Instructions for the task.
In the copy you make of the entries, no picture should appear, and every word must match.

Extracted material START

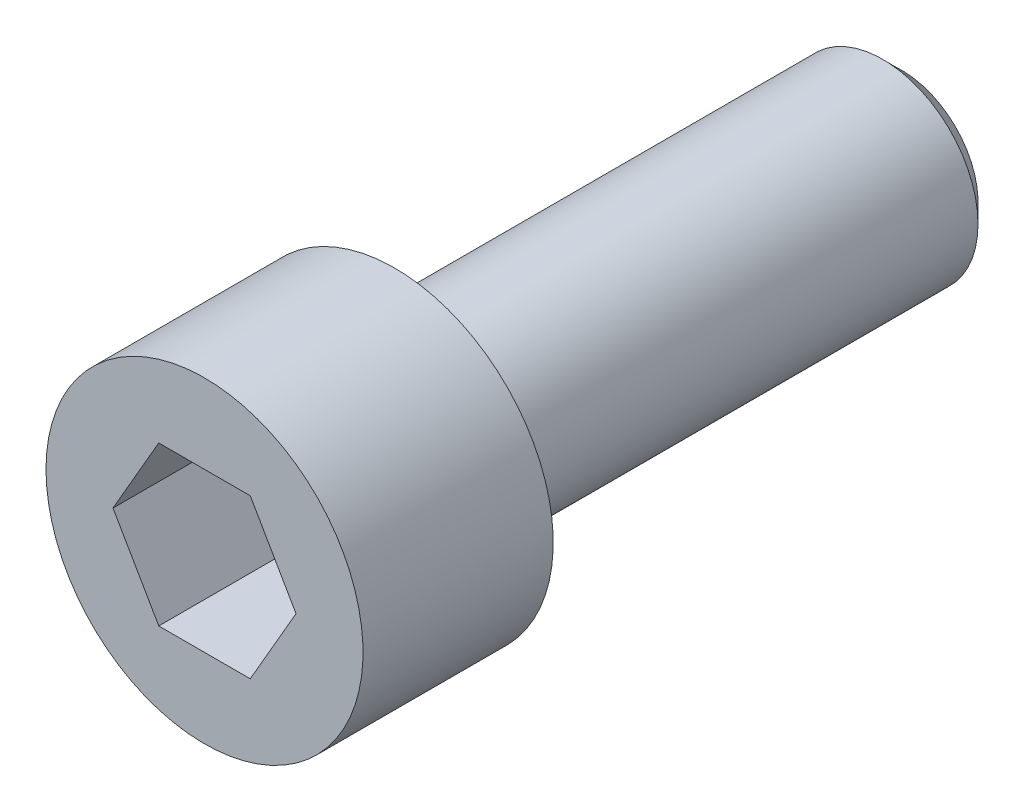
SolidWorks part; units mm, degrees
material "Простая углеродистая сталь"
ref_plane "Спереди" through (0, 0, 0) normal (0, 0, 1) x (1, 0, 0)
ref_plane "Сверху" through (0, 0, 0) normal (0, 1, 0) x (1, 0, 0)
ref_plane "Справа" through (0, 0, 0) normal (1, 0, 0) x (0, 0, -1)
sketch "Эскиз1" plane through (0, 0, 0) normal (1, 0, 0) x (0, 0, -1)
  line L0 (0, 0) -> (0, 2.5)
  line L1 (0, 2.5) -> (3, 2.5)
  line L2 (3, 2.5) -> (3, 1.5)
  line L3 (3, 1.5) -> (11, 1.5)
  line L4 (11, 1.5) -> (11, 0)
  line L5 (11, 0) -> (0, 0)
  line L6 (0, 0) -> (-1.7761, 0) construction
  dimension "D1" = 5
  dimension "D2" = 3
  dimension "D3" = 8
  dimension "D4" = 3
revolve "Повернуть1" add sketch "Эскиз1" angle 360 about L6
sketch "Эскиз2" plane through (0, 0, 0) normal (0, 0, 1) x (1, 0, 0)
  line L0 (0, 0) -> (0.8127, 0) construction
  line L1 (1.4434, 0) -> (0.7217, 1.25)
  line L2 (0.7217, 1.25) -> (-0.7217, 1.25)
  line L3 (-0.7217, 1.25) -> (-1.4434, 0)
  line L4 (-1.4434, 0) -> (-0.7217, -1.25)
  line L5 (-0.7217, -1.25) -> (0.7217, -1.25)
  line L6 (0.7217, -1.25) -> (1.4434, 0)
  circle A0 centre (0, 0) radius 1.25 construction
  dimension "D1" = 2.5
  dimension "D2" = 60
extrude "Вырез-Вытянуть1" cut sketch "Эскиз2" against normal blind 2
fillet "Скругление1" radius 0.3 1 edges at (-1.5, 0, -3)
chamfer "Фаска1" distance 0.3 angle 45 1 edges at (-1.5, 0, -11)

Extracted material END

Exercise answer.
SolidWorks part; units mm, degrees
material "Простая углеродистая сталь"
ref_plane "Спереди" through (0, 0, 0) normal (0, 0, 1) x (1, 0, 0)
ref_plane "Сверху" through (0, 0, 0) normal (0, 1, 0) x (1, 0, 0)
ref_plane "Справа" through (0, 0, 0) normal (1, 0, 0) x (0, 0, -1)
sketch "Эскиз1" plane through (0, 0, 0) normal (1, 0, 0) x (0, 0, -1)
  line L0 (0, 0) -> (0, 2.5)
  line L1 (0, 2.5) -> (3, 2.5)
  line L2 (3, 2.5) -> (3, 1.5)
  line L3 (3, 1.5) -> (11, 1.5)
  line L4 (11, 1.5) -> (11, 0)
  line L5 (11, 0) -> (0, 0)
  line L6 (0, 0) -> (-1.7761, 0) construction
  dimension "D1" = 5
  dimension "D2" = 3
  dimension "D3" = 8
  dimension "D4" = 3
revolve "Повернуть1" add sketch "Эскиз1" angle 360 about L6
sketch "Эскиз2" plane through (0, 0, 0) normal (0, 0, 1) x (1, 0, 0)
  line L0 (0, 0) -> (0.8127, 0) construction
  line L1 (1.4434, 0) -> (0.7217, 1.25)
  line L2 (0.7217, 1.25) -> (-0.7217, 1.25)
  line L3 (-0.7217, 1.25) -> (-1.4434, 0)
  line L4 (-1.4434, 0) -> (-0.7217, -1.25)
  line L5 (-0.7217, -1.25) -> (0.7217, -1.25)
  line L6 (0.7217, -1.25) -> (1.4434, 0)
  circle A0 centre (0, 0) radius 1.25 construction
  dimension "D1" = 2.5
  dimension "D2" = 60
extrude "Вырез-Вытянуть1" cut sketch "Эскиз2" against normal blind 2
fillet "Скругление1" radius 0.3 1 edges at (-1.5, 0, -3)
chamfer "Фаска1" distance 0.3 angle 45 1 edges at (-1.5, 0, -11)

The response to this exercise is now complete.